(DATA PROVIDED Opens)

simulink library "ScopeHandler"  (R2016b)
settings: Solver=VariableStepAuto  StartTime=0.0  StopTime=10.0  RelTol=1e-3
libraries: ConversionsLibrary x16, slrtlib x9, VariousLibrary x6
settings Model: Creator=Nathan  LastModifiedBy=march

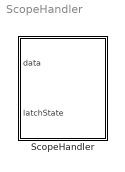
== system ScopeHandler ==
  ScopeHandler : Subsystem

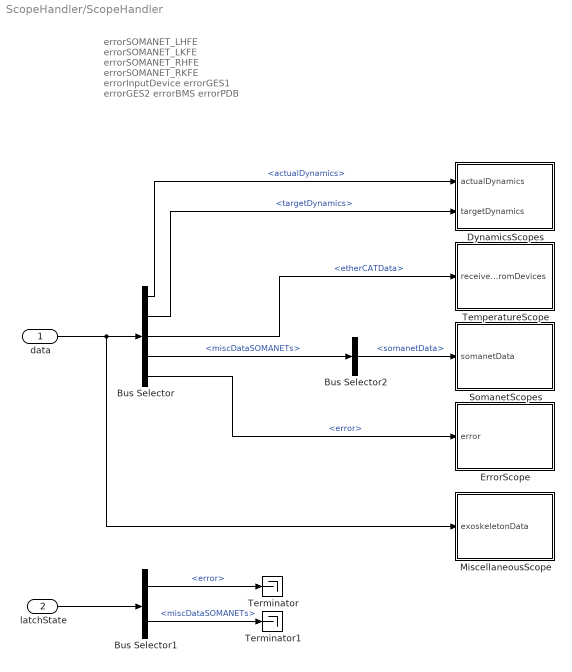
== system ScopeHandler/ScopeHandler ==
  note: errorSOMANET_LHFE
      | errorSOMANET_LKFE
      | errorSOMANET_RHFE
      | errorSOMANET_RKFE
      | errorInputDevice
      | errorGES1
      | errorGES2
      | errorBMS
      | errorPDB
  data : Inport  OutDataTypeStr=Bus: ExoskeletonData  BusOutputAsStruct=on
  latchState : Inport  Port=2  OutDataTypeStr=Bus: ExoskeletonData  BusOutputAsStruct=on
  Bus Selector : BusSelector  OutputSignals=actualDynamics,targetDynamics,etherCATData,miscDataSOMANETs,error
  Bus Selector1 : BusSelector  OutputSignals=error,miscDataSOMANETs
  Bus Selector2 : BusSelector  OutputSignals=somanetData
  DynamicsScopes : Subsystem
  ErrorScope : Subsystem
  MiscellaneousScope : Subsystem
  SomanetScopes : Subsystem
  TemperatureScope : Subsystem
  Terminator : Terminator
  Terminator1 : Terminator
  wires:
  Bus Selector2/1 -> SomanetScopes/1(somanetData)  "<somanetData>"
  Bus Selector/3 -> TemperatureScope/1(receivedFromDevices)  "<etherCATData>"
  Bus Selector/2 -> DynamicsScopes/2(targetDynamics)  "<targetDynamics>"
  Bus Selector/1 -> DynamicsScopes/1(actualDynamics)  "<actualDynamics>"
  Bus Selector/4 -> Bus Selector2/1  "<miscDataSOMANETs>"
  Bus Selector1/2 -> Terminator1/1  "<miscDataSOMANETs>"
  Bus Selector1/1 -> Terminator/1  "<error>"
  Bus Selector/5 -> ErrorScope/1(error)  "<error>"
  data/1 -> Bus Selector/1, MiscellaneousScope/1(exoskeletonData)
  latchState/1 -> Bus Selector1/1

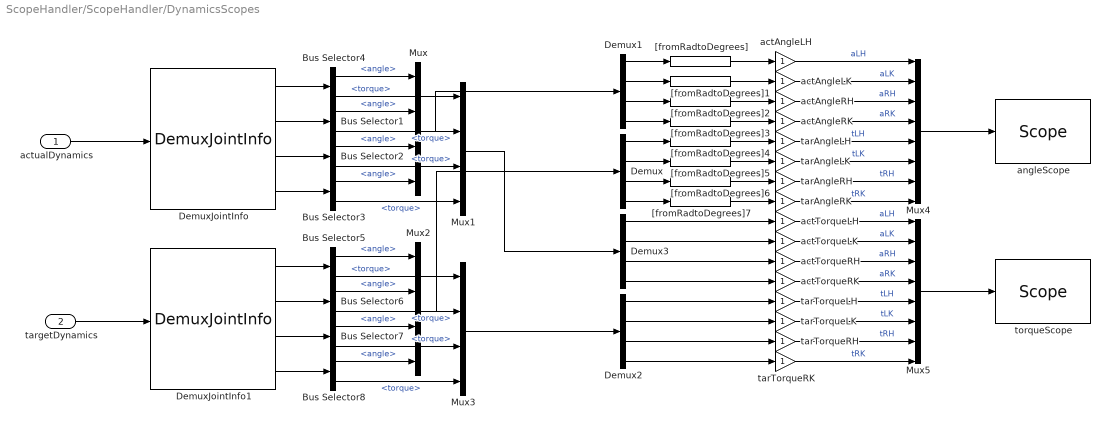
== system ScopeHandler/ScopeHandler/DynamicsScopes ==
  actualDynamics : Inport
  targetDynamics : Inport  Port=2
  Bus Selector{1..8} (8 alike) : BusSelector  OutputSignals=angle,torque
  Demux{,1..3} (4 alike) : Demux
  DemuxJointInfo : VariousLibrary/DemuxJointInfo
  DemuxJointInfo1 : VariousLibrary/DemuxJointInfo
  Mux{,1..3} (4 alike) : Mux
  Mux4 : Mux  Inputs=8
  Mux5 : Mux  Inputs=8
  [fromRadtoDegrees]{,1..7} (8 alike) : ConversionsLibrary/[fromRadtoDegrees]
  actAngleLH : Gain
  actAngleLK : Gain
  actAngleRH : Gain
  actAngleRK : Gain
  actTorqueLH : Gain
  actTorqueLK : Gain
  actTorqueRH : Gain
  actTorqueRK : Gain
  angleScope : slrtlib/Displays and Logging/Scope   scopeno=1  scopetype=Target  autostart=on  viewmode=Graphical rolling  formatstr='%15.6f'  grid=on  ylimits=[-180,180]  nosamples=2000  noprepostsamples=0  interleave=1  triggermode=FreeRun  triggersignal=1  trigsignalfromport=off  triggerlevel=0.0  triggerslope=Either  triggerscope=1  triggersample=0  filename=data.dat  mode=Lazy  writesize=512  autorestart=off  dynamicfilemode=off  maxwritefilesize=512*1024^2
  tarAngleLH : Gain
  tarAngleLK : Gain
  tarAngleRH : Gain
  tarAngleRK : Gain
  tarTorqueLH : Gain
  tarTorqueLK : Gain
  tarTorqueRH : Gain
  tarTorqueRK : Gain
  "torqueScope " : slrtlib/Displays and Logging/Scope   scopeno=2  scopetype=Target  autostart=on  viewmode=Graphical rolling  formatstr='%15.6f'  grid=on  ylimits=[-2.4,2.4]  nosamples=250  noprepostsamples=0  interleave=1  triggermode=FreeRun  triggersignal=1  trigsignalfromport=off  triggerlevel=0.0  triggerslope=Either  triggerscope=1  triggersample=0  filename=data.dat  mode=Lazy  writesize=512  autorestart=off  dynamicfilemode=off  maxwritefilesize=512*1024^2
  wires:
  Mux5/1 -> "torqueScope "/1
  Mux4/1 -> angleScope/1
  "[fromRadtoDegrees]7"/1 -> tarAngleRK/1
  "[fromRadtoDegrees]6"/1 -> tarAngleRH/1
  "[fromRadtoDegrees]5"/1 -> tarAngleLK/1
  "[fromRadtoDegrees]4"/1 -> tarAngleLH/1
  "[fromRadtoDegrees]3"/1 -> actAngleRK/1
  "[fromRadtoDegrees]2"/1 -> actAngleRH/1
  "[fromRadtoDegrees]1"/1 -> actAngleLK/1
  "[fromRadtoDegrees]"/1 -> actAngleLH/1
  tarTorqueRH/1 -> Mux5/7  "tRH"
  tarTorqueLK/1 -> Mux5/6  "tLK"
  tarTorqueLH/1 -> Mux5/5  "tLH"
  tarTorqueRK/1 -> Mux5/8  "tRK"
  Demux2/2 -> tarTorqueLK/1
  Demux2/1 -> tarTorqueLH/1
  Demux2/4 -> tarTorqueRK/1
  Demux2/3 -> tarTorqueRH/1
  actTorqueRK/1 -> Mux5/4  "aRK"
  actTorqueRH/1 -> Mux5/3  "aRH"
  actTorqueLK/1 -> Mux5/2  "aLK"
  actTorqueLH/1 -> Mux5/1  "aLH"
  Demux3/4 -> actTorqueRK/1
  Demux3/2 -> actTorqueLK/1
  Demux3/3 -> actTorqueRH/1
  Demux3/1 -> actTorqueLH/1
  tarAngleRK/1 -> Mux4/8  "tRK"
  tarAngleLH/1 -> Mux4/5  "tLH"
  tarAngleLK/1 -> Mux4/6  "tLK"
  tarAngleRH/1 -> Mux4/7  "tRH"
  Demux/2 -> "[fromRadtoDegrees]5"/1
  Demux/1 -> "[fromRadtoDegrees]4"/1
  Demux/3 -> "[fromRadtoDegrees]6"/1
  Demux/4 -> "[fromRadtoDegrees]7"/1
  actAngleRH/1 -> Mux4/3  "aRH"
  actAngleLH/1 -> Mux4/1  "aLH"
  actAngleLK/1 -> Mux4/2  "aLK"
  actAngleRK/1 -> Mux4/4  "aRK"
  Demux1/4 -> "[fromRadtoDegrees]3"/1
  Demux1/3 -> "[fromRadtoDegrees]2"/1
  Demux1/1 -> "[fromRadtoDegrees]"/1
  Demux1/2 -> "[fromRadtoDegrees]1"/1
  Mux3/1 -> Demux2/1
  Mux1/1 -> Demux3/1
  Mux2/1 -> Demux/1
  Mux/1 -> Demux1/1
  Bus Selector8/2 -> Mux3/4  "<torque>"
  Bus Selector8/1 -> Mux2/4  "<angle>"
  Bus Selector7/2 -> Mux3/3  "<torque>"
  Bus Selector7/1 -> Mux2/3  "<angle>"
  Bus Selector6/2 -> Mux3/2  "<torque>"
  Bus Selector6/1 -> Mux2/2  "<angle>"
  Bus Selector5/2 -> Mux3/1  "<torque>"
  Bus Selector5/1 -> Mux2/1  "<angle>"
  Bus Selector3/2 -> Mux1/4  "<torque>"
  Bus Selector3/1 -> Mux/4  "<angle>"
  Bus Selector2/2 -> Mux1/3  "<torque>"
  Bus Selector2/1 -> Mux/3  "<angle>"
  Bus Selector1/2 -> Mux1/2  "<torque>"
  Bus Selector1/1 -> Mux/2  "<angle>"
  Bus Selector4/2 -> Mux1/1  "<torque>"
  Bus Selector4/1 -> Mux/1  "<angle>"
  DemuxJointInfo1/3 -> Bus Selector7/1
  DemuxJointInfo1/4 -> Bus Selector8/1
  DemuxJointInfo1/1 -> Bus Selector5/1
  DemuxJointInfo1/2 -> Bus Selector6/1
  DemuxJointInfo/3 -> Bus Selector2/1
  DemuxJointInfo/1 -> Bus Selector4/1
  DemuxJointInfo/4 -> Bus Selector3/1
  DemuxJointInfo/2 -> Bus Selector1/1
  targetDynamics/1 -> DemuxJointInfo1/1
  actualDynamics/1 -> DemuxJointInfo/1

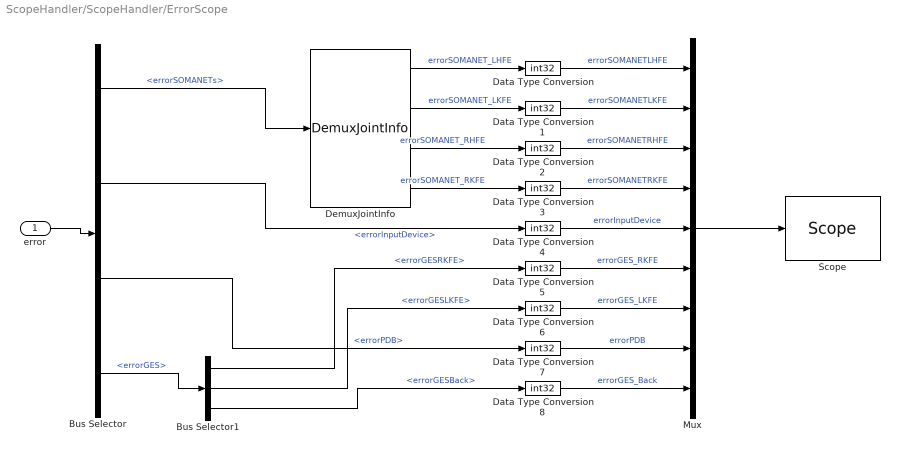
== system ScopeHandler/ScopeHandler/ErrorScope ==
  error : Inport
  Bus Selector : BusSelector  OutputSignals=errorSOMANETs,errorInputDevice,errorPowerElectronics.errorPDB,errorGES
  Bus Selector1 : BusSelector  OutputSignals=errorGESRKFE,errorGESLKFE,errorGESBack
  Data Type Conversion{,1..8} (9 alike) : DataTypeConversion  OutDataTypeStr=int32
  DemuxJointInfo : VariousLibrary/DemuxJointInfo
  Mux : Mux  Inputs=9
  "Scope " : slrtlib/Displays and Logging/Scope   scopeno=6  scopetype=Target  autostart=on  viewmode=Numerical  formatstr='%15.0f,%15.0f,%15.0f,%15.0f,%15.0f,%15.0f,%15.0f,%15.0f,%15.0f'  grid=on  ylimits=[0,0]  nosamples=250  noprepostsamples=0  interleave=1  triggermode=FreeRun  triggersignal=1  trigsignalfromport=off  triggerlevel=0.0  triggerslope=Either  triggerscope=1  triggersample=0  filename=data.dat  mode=Lazy  writesize=512  autorestart=off  dynamicfilemode=off  maxwritefilesize=512*1024^2
  wires:
  Bus Selector1/3 -> Data Type Conversion8/1  "<errorGESBack>"
  Bus Selector1/2 -> Data Type Conversion6/1  "<errorGESLKFE>"
  Bus Selector1/1 -> Data Type Conversion5/1  "<errorGESRKFE>"
  Data Type Conversion6/1 -> Mux/7  "errorGES_LKFE"
  Data Type Conversion5/1 -> Mux/6  "errorGES_RKFE"
  Data Type Conversion8/1 -> Mux/9  "errorGES_Back"
  Bus Selector/4 -> Bus Selector1/1  "<errorGES>"
  Data Type Conversion7/1 -> Mux/8  "errorPDB"
  Data Type Conversion4/1 -> Mux/5  "errorInputDevice"
  Data Type Conversion3/1 -> Mux/4  "errorSOMANETRKFE"
  Data Type Conversion2/1 -> Mux/3  "errorSOMANETRHFE"
  Data Type Conversion1/1 -> Mux/2  "errorSOMANETLKFE"
  Data Type Conversion/1 -> Mux/1  "errorSOMANETLHFE"
  Bus Selector/3 -> Data Type Conversion7/1  "<errorPDB>"
  Bus Selector/2 -> Data Type Conversion4/1  "<errorInputDevice>"
  Bus Selector/1 -> DemuxJointInfo/1  "<errorSOMANETs>"
  DemuxJointInfo/4 -> Data Type Conversion3/1  "errorSOMANET_RKFE"
  DemuxJointInfo/3 -> Data Type Conversion2/1  "errorSOMANET_RHFE"
  DemuxJointInfo/2 -> Data Type Conversion1/1  "errorSOMANET_LKFE"
  DemuxJointInfo/1 -> Data Type Conversion/1  "errorSOMANET_LHFE"
  Mux/1 -> "Scope "/1
  error/1 -> Bus Selector/1

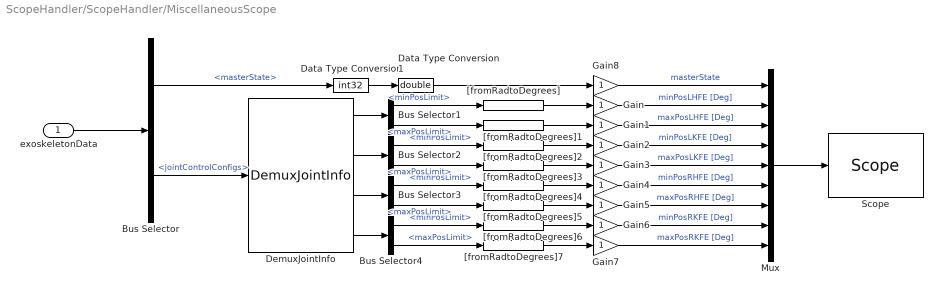
== system ScopeHandler/ScopeHandler/MiscellaneousScope ==
  exoskeletonData : Inport
  Bus Selector : BusSelector  OutputSignals=masterState,miscDataSOMANETs.jointControlConfigs
  Bus Selector{1..4} (4 alike) : BusSelector  OutputSignals=minPosLimit,maxPosLimit
  Data Type Conversion : DataTypeConversion  OutDataTypeStr=int32
  Data Type Conversion1 : DataTypeConversion  OutDataTypeStr=double
  DemuxJointInfo : VariousLibrary/DemuxJointInfo
  Gain{,1..8} (9 alike) : Gain
  Mux : Mux  Inputs=9
  "Scope " : slrtlib/Displays and Logging/Scope   scopeno=9  scopetype=Target  autostart=on  viewmode=Numerical  formatstr='%15.0f'  grid=on  ylimits=[0,0]  nosamples=250  noprepostsamples=0  interleave=1  triggermode=FreeRun  triggersignal=1  trigsignalfromport=off  triggerlevel=0.0  triggerslope=Either  triggerscope=1  triggersample=0  filename=data.dat  mode=Lazy  writesize=512  autorestart=off  dynamicfilemode=off  maxwritefilesize=512*1024^2
  [fromRadtoDegrees]{,1..7} (8 alike) : ConversionsLibrary/[fromRadtoDegrees]
  wires:
  Mux/1 -> "Scope "/1
  Gain5/1 -> Mux/7  "maxPosRHFE [Deg]"
  Gain3/1 -> Mux/5  "maxPosLKFE [Deg]"
  Gain2/1 -> Mux/4  "minPosLKFE [Deg]"
  Gain7/1 -> Mux/9  "maxPosRKFE [Deg]"
  Gain6/1 -> Mux/8  "minPosRKFE [Deg]"
  Gain/1 -> Mux/2  "minPosLHFE [Deg]"
  Gain4/1 -> Mux/6  "minPosRHFE [Deg]"
  Gain1/1 -> Mux/3  "maxPosLHFE [Deg]"
  Gain8/1 -> Mux/1  "masterState"
  Data Type Conversion1/1 -> Gain8/1
  Bus Selector/1 -> Data Type Conversion/1  "<masterState>"
  Data Type Conversion/1 -> Data Type Conversion1/1
  "[fromRadtoDegrees]7"/1 -> Gain7/1
  "[fromRadtoDegrees]6"/1 -> Gain6/1
  "[fromRadtoDegrees]5"/1 -> Gain5/1
  "[fromRadtoDegrees]4"/1 -> Gain4/1
  "[fromRadtoDegrees]3"/1 -> Gain3/1
  "[fromRadtoDegrees]2"/1 -> Gain2/1
  "[fromRadtoDegrees]1"/1 -> Gain1/1
  "[fromRadtoDegrees]"/1 -> Gain/1
  Bus Selector4/1 -> "[fromRadtoDegrees]6"/1  "<minPosLimit>"
  Bus Selector4/2 -> "[fromRadtoDegrees]7"/1  "<maxPosLimit>"
  Bus Selector3/2 -> "[fromRadtoDegrees]5"/1  "<maxPosLimit>"
  Bus Selector3/1 -> "[fromRadtoDegrees]4"/1  "<minPosLimit>"
  Bus Selector2/1 -> "[fromRadtoDegrees]2"/1  "<minPosLimit>"
  Bus Selector2/2 -> "[fromRadtoDegrees]3"/1  "<maxPosLimit>"
  Bus Selector1/2 -> "[fromRadtoDegrees]1"/1  "<maxPosLimit>"
  Bus Selector1/1 -> "[fromRadtoDegrees]"/1  "<minPosLimit>"
  DemuxJointInfo/3 -> Bus Selector3/1
  DemuxJointInfo/2 -> Bus Selector2/1
  DemuxJointInfo/4 -> Bus Selector4/1
  DemuxJointInfo/1 -> Bus Selector1/1
  Bus Selector/2 -> DemuxJointInfo/1  "<jointControlConfigs>"
  exoskeletonData/1 -> Bus Selector/1

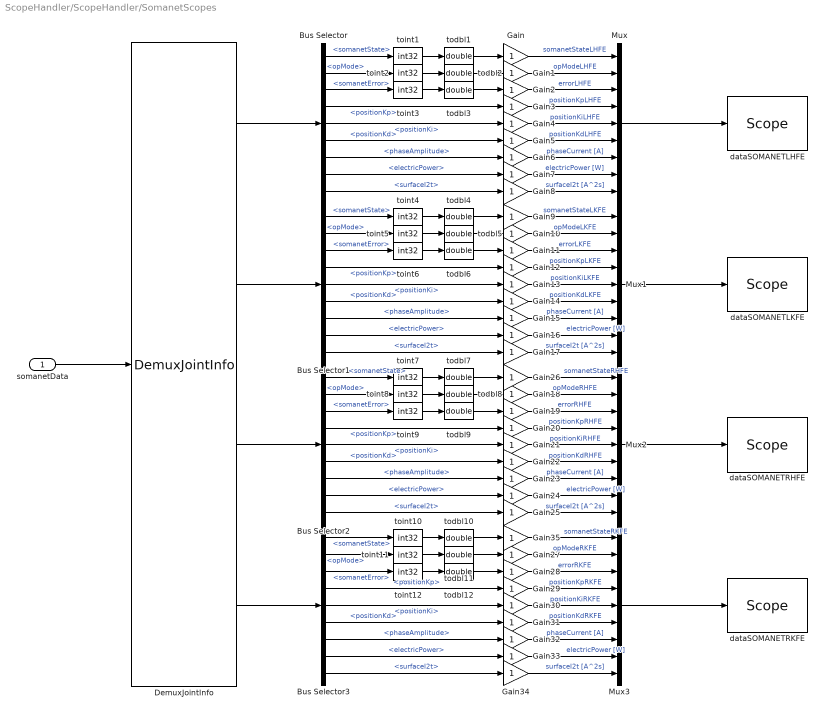
== system ScopeHandler/ScopeHandler/SomanetScopes ==
  somanetData : Inport
  Bus Selector{,1..3} (4 alike) : BusSelector  OutputSignals=somanetState,opMode,somanetError,positionKp,positionKi,positionKd,phaseAmplitude,electricPower,surfaceI2t
  DemuxJointInfo : VariousLibrary/DemuxJointInfo
  Gain{,1..35} (36 alike) : Gain
  Mux{,1..3} (4 alike) : Mux  Inputs=9
  dataSOMANETLHFE : slrtlib/Displays and Logging/Scope   scopeno=4  scopetype=Target  autostart=on  viewmode=Numerical  formatstr='%15.0f,%15.0f,%15.0f'  grid=on  ylimits=[0,0]  nosamples=250  noprepostsamples=0  interleave=1  triggermode=FreeRun  triggersignal=1  trigsignalfromport=off  triggerlevel=0.0  triggerslope=Either  triggerscope=1  triggersample=0  filename=data.dat  mode=Lazy  writesize=512  autorestart=off  dynamicfilemode=off  maxwritefilesize=512*1024^2
  "dataSOMANETLKFE " : slrtlib/Displays and Logging/Scope   scopeno=7  scopetype=Target  autostart=on  viewmode=Numerical  formatstr='%15.0f,%15.0f,%15.0f'  grid=on  ylimits=[0,0]  nosamples=250  noprepostsamples=0  interleave=1  triggermode=FreeRun  triggersignal=1  trigsignalfromport=off  triggerlevel=0.0  triggerslope=Either  triggerscope=1  triggersample=0  filename=data.dat  mode=Lazy  writesize=512  autorestart=off  dynamicfilemode=off  maxwritefilesize=512*1024^2
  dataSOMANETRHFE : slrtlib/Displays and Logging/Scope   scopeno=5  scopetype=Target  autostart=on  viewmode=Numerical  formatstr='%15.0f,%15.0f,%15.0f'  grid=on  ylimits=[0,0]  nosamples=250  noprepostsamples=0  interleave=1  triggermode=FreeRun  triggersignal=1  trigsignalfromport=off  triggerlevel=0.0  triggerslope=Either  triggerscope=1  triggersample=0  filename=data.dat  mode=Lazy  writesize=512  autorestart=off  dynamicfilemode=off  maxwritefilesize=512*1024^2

(DATA PROVIDED Closes)

• **YOUR OBJECTIVE**
Repeat, word for word and with no pictures, only the lines running from the beginning of the data to the line that contains "targetDynamics : Inport".

• **TASK SOLUTION**
simulink library "ScopeHandler"  (R2016b)
settings: Solver=VariableStepAuto  StartTime=0.0  StopTime=10.0  RelTol=1e-3
libraries: ConversionsLibrary x16, slrtlib x9, VariousLibrary x6
settings Model: Creator=Nathan  LastModifiedBy=march

== system ScopeHandler ==
  ScopeHandler : Subsystem

== system ScopeHandler/ScopeHandler ==
  note: errorSOMANET_LHFE
      | errorSOMANET_LKFE
      | errorSOMANET_RHFE
      | errorSOMANET_RKFE
      | errorInputDevice
      | errorGES1
      | errorGES2
      | errorBMS
      | errorPDB
  data : Inport  OutDataTypeStr=Bus: ExoskeletonData  BusOutputAsStruct=on
  latchState : Inport  Port=2  OutDataTypeStr=Bus: ExoskeletonData  BusOutputAsStruct=on
  Bus Selector : BusSelector  OutputSignals=actualDynamics,targetDynamics,etherCATData,miscDataSOMANETs,error
  Bus Selector1 : BusSelector  OutputSignals=error,miscDataSOMANETs
  Bus Selector2 : BusSelector  OutputSignals=somanetData
  DynamicsScopes : Subsystem
  ErrorScope : Subsystem
  MiscellaneousScope : Subsystem
  SomanetScopes : Subsystem
  TemperatureScope : Subsystem
  Terminator : Terminator
  Terminator1 : Terminator
  wires:
  Bus Selector2/1 -> SomanetScopes/1(somanetData)  "<somanetData>"
  Bus Selector/3 -> TemperatureScope/1(receivedFromDevices)  "<etherCATData>"
  Bus Selector/2 -> DynamicsScopes/2(targetDynamics)  "<targetDynamics>"
  Bus Selector/1 -> DynamicsScopes/1(actualDynamics)  "<actualDynamics>"
  Bus Selector/4 -> Bus Selector2/1  "<miscDataSOMANETs>"
  Bus Selector1/2 -> Terminator1/1  "<miscDataSOMANETs>"
  Bus Selector1/1 -> Terminator/1  "<error>"
  Bus Selector/5 -> ErrorScope/1(error)  "<error>"
  data/1 -> Bus Selector/1, MiscellaneousScope/1(exoskeletonData)
  latchState/1 -> Bus Selector1/1

== system ScopeHandler/ScopeHandler/DynamicsScopes ==
  actualDynamics : Inport
  targetDynamics : Inport  Port=2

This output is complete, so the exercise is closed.